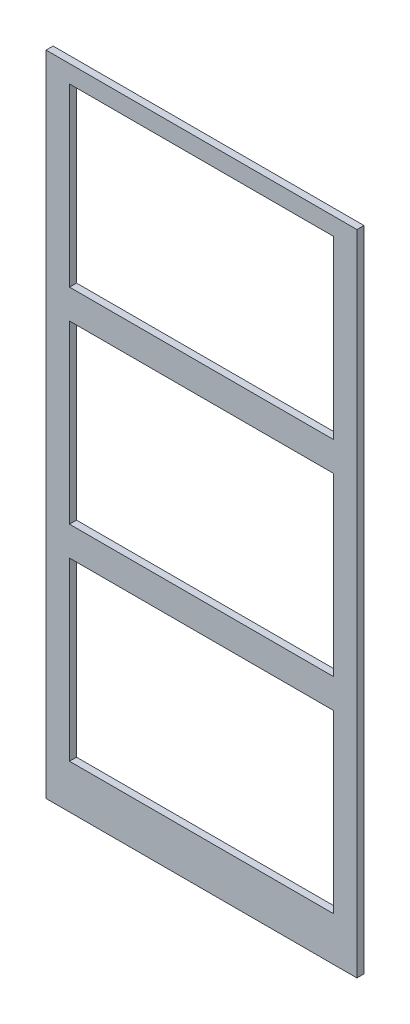
ISO-10303-21;
HEADER;
FILE_DESCRIPTION(('STEP AP214'),'2;1');
FILE_NAME('part.step','',(''),(''),'','','');
FILE_SCHEMA(('AUTOMOTIVE_DESIGN { 1 0 10303 214 1 1 1 1 }'));
ENDSEC;
DATA;
#1=APPLICATION_CONTEXT('core data for automotive mechanical design processes');
#2=APPLICATION_PROTOCOL_DEFINITION('international standard','automotive_design',2000,#1);
#3=PRODUCT_CONTEXT('',#1,'mechanical');
#4=PRODUCT('Part','Part','',(#3));
#5=PRODUCT_RELATED_PRODUCT_CATEGORY('part','',(#4));
#6=PRODUCT_DEFINITION_FORMATION('','',#4);
#7=PRODUCT_DEFINITION_CONTEXT('part definition',#1,'design');
#8=PRODUCT_DEFINITION('design','',#6,#7);
#9=PRODUCT_DEFINITION_SHAPE('','',#8);
#10=(LENGTH_UNIT() NAMED_UNIT(*) SI_UNIT(.MILLI.,.METRE.));
#11=(NAMED_UNIT(*) PLANE_ANGLE_UNIT() SI_UNIT($,.RADIAN.));
#12=(NAMED_UNIT(*) SI_UNIT($,.STERADIAN.) SOLID_ANGLE_UNIT());
#13=UNCERTAINTY_MEASURE_WITH_UNIT(LENGTH_MEASURE(1.E-05),#10,'distance_accuracy_value','');
#14=(GEOMETRIC_REPRESENTATION_CONTEXT(3) GLOBAL_UNCERTAINTY_ASSIGNED_CONTEXT((#13)) GLOBAL_UNIT_ASSIGNED_CONTEXT((#10,
#11,#12)) REPRESENTATION_CONTEXT('',''));
#15=CARTESIAN_POINT('',(0.,0.,0.));
#16=DIRECTION('',(0.,0.,1.));
#17=DIRECTION('',(1.,0.,0.));
#18=AXIS2_PLACEMENT_3D('',#15,#16,#17);
#19=CARTESIAN_POINT('',(0.,0.,6.));
#20=DIRECTION('',(0.,0.,-1.));
#21=DIRECTION('',(-1.,0.,0.));
#22=AXIS2_PLACEMENT_3D('',#19,#20,#21);
#23=PLANE('',#22);
#24=DIRECTION('',(0.,-1.,0.));
#25=VECTOR('',#24,1.);
#26=CARTESIAN_POINT('',(22.2502724046891,211.57741922363,6.));
#27=LINE('',#26,#25);
#28=CARTESIAN_POINT('',(22.2502724046891,361.57741922363,6.));
#29=VERTEX_POINT('',#28);
#30=CARTESIAN_POINT('',(22.2502724046891,211.57741922363,6.));
#31=VERTEX_POINT('',#30);
#32=EDGE_CURVE('E183',#29,#31,#27,.T.);
#33=ORIENTED_EDGE('',*,*,#32,.F.);
#34=DIRECTION('',(-1.,0.,0.));
#35=VECTOR('',#34,1.);
#36=CARTESIAN_POINT('',(22.2502724046891,361.57741922363,6.));
#37=LINE('',#36,#35);
#38=CARTESIAN_POINT('',(247.250272404689,361.57741922363,6.));
#39=VERTEX_POINT('',#38);
#40=EDGE_CURVE('E191',#39,#29,#37,.T.);
#41=ORIENTED_EDGE('',*,*,#40,.F.);
#42=DIRECTION('',(0.,1.,0.));
#43=VECTOR('',#42,1.);
#44=CARTESIAN_POINT('',(247.250272404689,211.57741922363,6.));
#45=LINE('',#44,#43);
#46=CARTESIAN_POINT('',(247.250272404689,211.57741922363,6.));
#47=VERTEX_POINT('',#46);
#48=EDGE_CURVE('E188',#47,#39,#45,.T.);
#49=ORIENTED_EDGE('',*,*,#48,.F.);
#50=DIRECTION('',(1.,0.,0.));
#51=VECTOR('',#50,1.);
#52=CARTESIAN_POINT('',(22.2502724046891,211.57741922363,6.));
#53=LINE('',#52,#51);
#54=EDGE_CURVE('E185',#31,#47,#53,.T.);
#55=ORIENTED_EDGE('',*,*,#54,.F.);
#56=EDGE_LOOP('',(#33,#41,#49,#55));
#57=FACE_BOUND('',#56,.T.);
#58=DIRECTION('',(0.,-1.,0.));
#59=VECTOR('',#58,1.);
#60=CARTESIAN_POINT('',(2.25027240468913,-0.92258077637028,6.));
#61=LINE('',#60,#59);
#62=CARTESIAN_POINT('',(2.25027240468913,551.57741922363,6.));
#63=VERTEX_POINT('',#62);
#64=CARTESIAN_POINT('',(2.25027240468913,-0.92258077637028,6.));
#65=VERTEX_POINT('',#64);
#66=EDGE_CURVE('E245',#63,#65,#61,.T.);
#67=ORIENTED_EDGE('',*,*,#66,.T.);
#68=DIRECTION('',(1.,0.,0.));
#69=VECTOR('',#68,1.);
#70=CARTESIAN_POINT('',(2.25027240468913,-0.92258077637028,6.));
#71=LINE('',#70,#69);
#72=CARTESIAN_POINT('',(267.250272404689,-0.92258077637028,6.));
#73=VERTEX_POINT('',#72);
#74=EDGE_CURVE('E248',#65,#73,#71,.T.);
#75=ORIENTED_EDGE('',*,*,#74,.T.);
#76=DIRECTION('',(0.,1.,0.));
#77=VECTOR('',#76,1.);
#78=CARTESIAN_POINT('',(267.250272404689,-0.92258077637028,6.));
#79=LINE('',#78,#77);
#80=CARTESIAN_POINT('',(267.250272404689,551.57741922363,6.));
#81=VERTEX_POINT('',#80);
#82=EDGE_CURVE('E251',#73,#81,#79,.T.);
#83=ORIENTED_EDGE('',*,*,#82,.T.);
#84=DIRECTION('',(-1.,0.,0.));
#85=VECTOR('',#84,1.);
#86=CARTESIAN_POINT('',(2.25027240468913,551.57741922363,6.));
#87=LINE('',#86,#85);
#88=EDGE_CURVE('E253',#81,#63,#87,.T.);
#89=ORIENTED_EDGE('',*,*,#88,.T.);
#90=EDGE_LOOP('',(#67,#75,#83,#89));
#91=FACE_BOUND('',#90,.T.);
#92=DIRECTION('',(0.,-1.,0.));
#93=VECTOR('',#92,1.);
#94=CARTESIAN_POINT('',(22.2502724046891,36.5774192236303,6.));
#95=LINE('',#94,#93);
#96=CARTESIAN_POINT('',(22.2502724046891,186.57741922363,6.));
#97=VERTEX_POINT('',#96);
#98=CARTESIAN_POINT('',(22.2502724046891,36.5774192236303,6.));
#99=VERTEX_POINT('',#98);
#100=EDGE_CURVE('E214',#97,#99,#95,.T.);
#101=ORIENTED_EDGE('',*,*,#100,.F.);
#102=DIRECTION('',(-1.,0.,0.));
#103=VECTOR('',#102,1.);
#104=CARTESIAN_POINT('',(22.2502724046891,186.57741922363,6.));
#105=LINE('',#104,#103);
#106=CARTESIAN_POINT('',(247.250272404689,186.57741922363,6.));
#107=VERTEX_POINT('',#106);
#108=EDGE_CURVE('E222',#107,#97,#105,.T.);
#109=ORIENTED_EDGE('',*,*,#108,.F.);
#110=DIRECTION('',(0.,1.,0.));
#111=VECTOR('',#110,1.);
#112=CARTESIAN_POINT('',(247.250272404689,36.5774192236297,6.));
#113=LINE('',#112,#111);
#114=CARTESIAN_POINT('',(247.250272404689,36.5774192236297,6.));
#115=VERTEX_POINT('',#114);
#116=EDGE_CURVE('E219',#115,#107,#113,.T.);
#117=ORIENTED_EDGE('',*,*,#116,.F.);
#118=DIRECTION('',(1.,0.,0.));
#119=VECTOR('',#118,1.);
#120=CARTESIAN_POINT('',(22.2502724046891,36.5774192236303,6.));
#121=LINE('',#120,#119);
#122=EDGE_CURVE('E216',#99,#115,#121,.T.);
#123=ORIENTED_EDGE('',*,*,#122,.F.);
#124=EDGE_LOOP('',(#101,#109,#117,#123));
#125=FACE_BOUND('',#124,.T.);
#126=DIRECTION('',(0.,-1.,0.));
#127=VECTOR('',#126,1.);
#128=CARTESIAN_POINT('',(22.2502724046891,386.57741922363,6.));
#129=LINE('',#128,#127);
#130=CARTESIAN_POINT('',(22.2502724046891,536.57741922363,6.));
#131=VERTEX_POINT('',#130);
#132=CARTESIAN_POINT('',(22.2502724046891,386.57741922363,6.));
#133=VERTEX_POINT('',#132);
#134=EDGE_CURVE('E147',#131,#133,#129,.T.);
#135=ORIENTED_EDGE('',*,*,#134,.F.);
#136=DIRECTION('',(-1.,0.,0.));
#137=VECTOR('',#136,1.);
#138=CARTESIAN_POINT('',(22.2502724046891,536.57741922363,6.));
#139=LINE('',#138,#137);
#140=CARTESIAN_POINT('',(247.250272404689,536.57741922363,6.));
#141=VERTEX_POINT('',#140);
#142=EDGE_CURVE('E169',#141,#131,#139,.T.);
#143=ORIENTED_EDGE('',*,*,#142,.F.);
#144=DIRECTION('',(0.,1.,0.));
#145=VECTOR('',#144,1.);
#146=CARTESIAN_POINT('',(247.250272404689,386.57741922363,6.));
#147=LINE('',#146,#145);
#148=CARTESIAN_POINT('',(247.250272404689,386.57741922363,6.));
#149=VERTEX_POINT('',#148);
#150=EDGE_CURVE('E167',#149,#141,#147,.T.);
#151=ORIENTED_EDGE('',*,*,#150,.F.);
#152=DIRECTION('',(1.,0.,0.));
#153=VECTOR('',#152,1.);
#154=CARTESIAN_POINT('',(22.2502724046891,386.57741922363,6.));
#155=LINE('',#154,#153);
#156=EDGE_CURVE('E155',#133,#149,#155,.T.);
#157=ORIENTED_EDGE('',*,*,#156,.F.);
#158=EDGE_LOOP('',(#135,#143,#151,#157));
#159=FACE_BOUND('',#158,.T.);
#160=ADVANCED_FACE('F34',(#57,#91,#125,#159),#23,.F.);
#161=CARTESIAN_POINT('',(0.,0.,0.));
#162=DIRECTION('',(0.,0.,-1.));
#163=DIRECTION('',(-1.,0.,0.));
#164=AXIS2_PLACEMENT_3D('',#161,#162,#163);
#165=PLANE('',#164);
#166=DIRECTION('',(0.,-1.,0.));
#167=VECTOR('',#166,1.);
#168=CARTESIAN_POINT('',(2.25027240468913,-0.92258077637028,0.));
#169=LINE('',#168,#167);
#170=CARTESIAN_POINT('',(2.25027240468913,551.57741922363,0.));
#171=VERTEX_POINT('',#170);
#172=CARTESIAN_POINT('',(2.25027240468913,-0.92258077637028,0.));
#173=VERTEX_POINT('',#172);
#174=EDGE_CURVE('E244',#171,#173,#169,.T.);
#175=ORIENTED_EDGE('',*,*,#174,.F.);
#176=DIRECTION('',(-1.,0.,0.));
#177=VECTOR('',#176,1.);
#178=CARTESIAN_POINT('',(2.25027240468913,551.57741922363,0.));
#179=LINE('',#178,#177);
#180=CARTESIAN_POINT('',(267.250272404689,551.57741922363,0.));
#181=VERTEX_POINT('',#180);
#182=EDGE_CURVE('E249',#181,#171,#179,.T.);
#183=ORIENTED_EDGE('',*,*,#182,.F.);
#184=DIRECTION('',(0.,1.,0.));
#185=VECTOR('',#184,1.);
#186=CARTESIAN_POINT('',(267.250272404689,-0.92258077637028,0.));
#187=LINE('',#186,#185);
#188=CARTESIAN_POINT('',(267.250272404689,-0.92258077637028,0.));
#189=VERTEX_POINT('',#188);
#190=EDGE_CURVE('E260',#189,#181,#187,.T.);
#191=ORIENTED_EDGE('',*,*,#190,.F.);
#192=DIRECTION('',(1.,0.,0.));
#193=VECTOR('',#192,1.);
#194=CARTESIAN_POINT('',(2.25027240468913,-0.92258077637028,0.));
#195=LINE('',#194,#193);
#196=EDGE_CURVE('E258',#173,#189,#195,.T.);
#197=ORIENTED_EDGE('',*,*,#196,.F.);
#198=EDGE_LOOP('',(#175,#183,#191,#197));
#199=FACE_BOUND('',#198,.T.);
#200=DIRECTION('',(-1.,0.,0.));
#201=VECTOR('',#200,1.);
#202=CARTESIAN_POINT('',(22.2502724046891,186.57741922363,0.));
#203=LINE('',#202,#201);
#204=CARTESIAN_POINT('',(247.250272404689,186.57741922363,0.));
#205=VERTEX_POINT('',#204);
#206=CARTESIAN_POINT('',(22.2502724046891,186.57741922363,0.));
#207=VERTEX_POINT('',#206);
#208=EDGE_CURVE('E217',#205,#207,#203,.T.);
#209=ORIENTED_EDGE('',*,*,#208,.T.);
#210=DIRECTION('',(0.,-1.,0.));
#211=VECTOR('',#210,1.);
#212=CARTESIAN_POINT('',(22.2502724046891,36.5774192236303,0.));
#213=LINE('',#212,#211);
#214=CARTESIAN_POINT('',(22.2502724046891,36.5774192236303,0.));
#215=VERTEX_POINT('',#214);
#216=EDGE_CURVE('E213',#207,#215,#213,.T.);
#217=ORIENTED_EDGE('',*,*,#216,.T.);
#218=DIRECTION('',(1.,0.,0.));
#219=VECTOR('',#218,1.);
#220=CARTESIAN_POINT('',(22.2502724046891,36.5774192236303,0.));
#221=LINE('',#220,#219);
#222=CARTESIAN_POINT('',(247.250272404689,36.5774192236297,0.));
#223=VERTEX_POINT('',#222);
#224=EDGE_CURVE('E227',#215,#223,#221,.T.);
#225=ORIENTED_EDGE('',*,*,#224,.T.);
#226=DIRECTION('',(0.,1.,0.));
#227=VECTOR('',#226,1.);
#228=CARTESIAN_POINT('',(247.250272404689,36.5774192236297,0.));
#229=LINE('',#228,#227);
#230=EDGE_CURVE('E230',#223,#205,#229,.T.);
#231=ORIENTED_EDGE('',*,*,#230,.T.);
#232=EDGE_LOOP('',(#209,#217,#225,#231));
#233=FACE_BOUND('',#232,.T.);
#234=DIRECTION('',(-1.,0.,0.));
#235=VECTOR('',#234,1.);
#236=CARTESIAN_POINT('',(22.2502724046891,361.57741922363,0.));
#237=LINE('',#236,#235);
#238=CARTESIAN_POINT('',(247.250272404689,361.57741922363,0.));
#239=VERTEX_POINT('',#238);
#240=CARTESIAN_POINT('',(22.2502724046891,361.57741922363,0.));
#241=VERTEX_POINT('',#240);
#242=EDGE_CURVE('E186',#239,#241,#237,.T.);
#243=ORIENTED_EDGE('',*,*,#242,.T.);
#244=DIRECTION('',(0.,-1.,0.));
#245=VECTOR('',#244,1.);
#246=CARTESIAN_POINT('',(22.2502724046891,211.57741922363,0.));
#247=LINE('',#246,#245);
#248=CARTESIAN_POINT('',(22.2502724046891,211.57741922363,0.));
#249=VERTEX_POINT('',#248);
#250=EDGE_CURVE('E163',#241,#249,#247,.T.);
#251=ORIENTED_EDGE('',*,*,#250,.T.);
#252=DIRECTION('',(1.,0.,0.));
#253=VECTOR('',#252,1.);
#254=CARTESIAN_POINT('',(22.2502724046891,211.57741922363,0.));
#255=LINE('',#254,#253);
#256=CARTESIAN_POINT('',(247.250272404689,211.57741922363,0.));
#257=VERTEX_POINT('',#256);
#258=EDGE_CURVE('E196',#249,#257,#255,.T.);
#259=ORIENTED_EDGE('',*,*,#258,.T.);
#260=DIRECTION('',(0.,1.,0.));
#261=VECTOR('',#260,1.);
#262=CARTESIAN_POINT('',(247.250272404689,211.57741922363,0.));
#263=LINE('',#262,#261);
#264=EDGE_CURVE('E199',#257,#239,#263,.T.);
#265=ORIENTED_EDGE('',*,*,#264,.T.);
#266=EDGE_LOOP('',(#243,#251,#259,#265));
#267=FACE_BOUND('',#266,.T.);
#268=DIRECTION('',(-1.,0.,0.));
#269=VECTOR('',#268,1.);
#270=CARTESIAN_POINT('',(22.2502724046891,536.57741922363,0.));
#271=LINE('',#270,#269);
#272=CARTESIAN_POINT('',(247.250272404689,536.57741922363,0.));
#273=VERTEX_POINT('',#272);
#274=CARTESIAN_POINT('',(22.2502724046891,536.57741922363,0.));
#275=VERTEX_POINT('',#274);
#276=EDGE_CURVE('E156',#273,#275,#271,.T.);
#277=ORIENTED_EDGE('',*,*,#276,.T.);
#278=DIRECTION('',(0.,-1.,0.));
#279=VECTOR('',#278,1.);
#280=CARTESIAN_POINT('',(22.2502724046891,386.57741922363,0.));
#281=LINE('',#280,#279);
#282=CARTESIAN_POINT('',(22.2502724046891,386.57741922363,0.));
#283=VERTEX_POINT('',#282);
#284=EDGE_CURVE('E57',#275,#283,#281,.T.);
#285=ORIENTED_EDGE('',*,*,#284,.T.);
#286=DIRECTION('',(1.,0.,0.));
#287=VECTOR('',#286,1.);
#288=CARTESIAN_POINT('',(22.2502724046891,386.57741922363,0.));
#289=LINE('',#288,#287);
#290=CARTESIAN_POINT('',(247.250272404689,386.57741922363,0.));
#291=VERTEX_POINT('',#290);
#292=EDGE_CURVE('E162',#283,#291,#289,.T.);
#293=ORIENTED_EDGE('',*,*,#292,.T.);
#294=DIRECTION('',(0.,1.,0.));
#295=VECTOR('',#294,1.);
#296=CARTESIAN_POINT('',(247.250272404689,386.57741922363,0.));
#297=LINE('',#296,#295);
#298=EDGE_CURVE('E175',#291,#273,#297,.T.);
#299=ORIENTED_EDGE('',*,*,#298,.T.);
#300=EDGE_LOOP('',(#277,#285,#293,#299));
#301=FACE_BOUND('',#300,.T.);
#302=ADVANCED_FACE('F278',(#199,#233,#267,#301),#165,.T.);
#303=CARTESIAN_POINT('',(2.25027240468913,-0.92258077637028,6.));
#304=DIRECTION('',(1.,0.,0.));
#305=DIRECTION('',(0.,0.,-1.));
#306=AXIS2_PLACEMENT_3D('',#303,#304,#305);
#307=PLANE('',#306);
#308=ORIENTED_EDGE('',*,*,#174,.T.);
#309=DIRECTION('',(0.,0.,-1.));
#310=VECTOR('',#309,1.);
#311=CARTESIAN_POINT('',(2.25027240468913,-0.92258077637028,6.));
#312=LINE('',#311,#310);
#313=EDGE_CURVE('E11',#65,#173,#312,.T.);
#314=ORIENTED_EDGE('',*,*,#313,.F.);
#315=ORIENTED_EDGE('',*,*,#66,.F.);
#316=DIRECTION('',(0.,0.,-1.));
#317=VECTOR('',#316,1.);
#318=CARTESIAN_POINT('',(2.25027240468913,551.57741922363,6.));
#319=LINE('',#318,#317);
#320=EDGE_CURVE('E255',#63,#171,#319,.T.);
#321=ORIENTED_EDGE('',*,*,#320,.T.);
#322=EDGE_LOOP('',(#308,#314,#315,#321));
#323=FACE_BOUND('',#322,.T.);
#324=ADVANCED_FACE('F36',(#323),#307,.F.);
#325=CARTESIAN_POINT('',(2.25027240468913,-0.92258077637028,6.));
#326=DIRECTION('',(0.,1.,0.));
#327=DIRECTION('',(0.,0.,1.));
#328=AXIS2_PLACEMENT_3D('',#325,#326,#327);
#329=PLANE('',#328);
#330=ORIENTED_EDGE('',*,*,#196,.T.);
#331=DIRECTION('',(0.,0.,-1.));
#332=VECTOR('',#331,1.);
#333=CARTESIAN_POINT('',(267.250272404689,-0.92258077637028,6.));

-- EXERCISE --
In the listing above, find the line with "#35=VECTOR('',#34,1.);" and the line with "#77=VECTOR('',#76,1.);", then print exactly those lines and every line between them.

-- TASK OUTPUT --
#35=VECTOR('',#34,1.);
#36=CARTESIAN_POINT('',(22.2502724046891,361.57741922363,6.));
#37=LINE('',#36,#35);
#38=CARTESIAN_POINT('',(247.250272404689,361.57741922363,6.));
#39=VERTEX_POINT('',#38);
#40=EDGE_CURVE('E191',#39,#29,#37,.T.);
#41=ORIENTED_EDGE('',*,*,#40,.F.);
#42=DIRECTION('',(0.,1.,0.));
#43=VECTOR('',#42,1.);
#44=CARTESIAN_POINT('',(247.250272404689,211.57741922363,6.));
#45=LINE('',#44,#43);
#46=CARTESIAN_POINT('',(247.250272404689,211.57741922363,6.));
#47=VERTEX_POINT('',#46);
#48=EDGE_CURVE('E188',#47,#39,#45,.T.);
#49=ORIENTED_EDGE('',*,*,#48,.F.);
#50=DIRECTION('',(1.,0.,0.));
#51=VECTOR('',#50,1.);
#52=CARTESIAN_POINT('',(22.2502724046891,211.57741922363,6.));
#53=LINE('',#52,#51);
#54=EDGE_CURVE('E185',#31,#47,#53,.T.);
#55=ORIENTED_EDGE('',*,*,#54,.F.);
#56=EDGE_LOOP('',(#33,#41,#49,#55));
#57=FACE_BOUND('',#56,.T.);
#58=DIRECTION('',(0.,-1.,0.));
#59=VECTOR('',#58,1.);
#60=CARTESIAN_POINT('',(2.25027240468913,-0.92258077637028,6.));
#61=LINE('',#60,#59);
#62=CARTESIAN_POINT('',(2.25027240468913,551.57741922363,6.));
#63=VERTEX_POINT('',#62);
#64=CARTESIAN_POINT('',(2.25027240468913,-0.92258077637028,6.));
#65=VERTEX_POINT('',#64);
#66=EDGE_CURVE('E245',#63,#65,#61,.T.);
#67=ORIENTED_EDGE('',*,*,#66,.T.);
#68=DIRECTION('',(1.,0.,0.));
#69=VECTOR('',#68,1.);
#70=CARTESIAN_POINT('',(2.25027240468913,-0.92258077637028,6.));
#71=LINE('',#70,#69);
#72=CARTESIAN_POINT('',(267.250272404689,-0.92258077637028,6.));
#73=VERTEX_POINT('',#72);
#74=EDGE_CURVE('E248',#65,#73,#71,.T.);
#75=ORIENTED_EDGE('',*,*,#74,.T.);
#76=DIRECTION('',(0.,1.,0.));
#77=VECTOR('',#76,1.);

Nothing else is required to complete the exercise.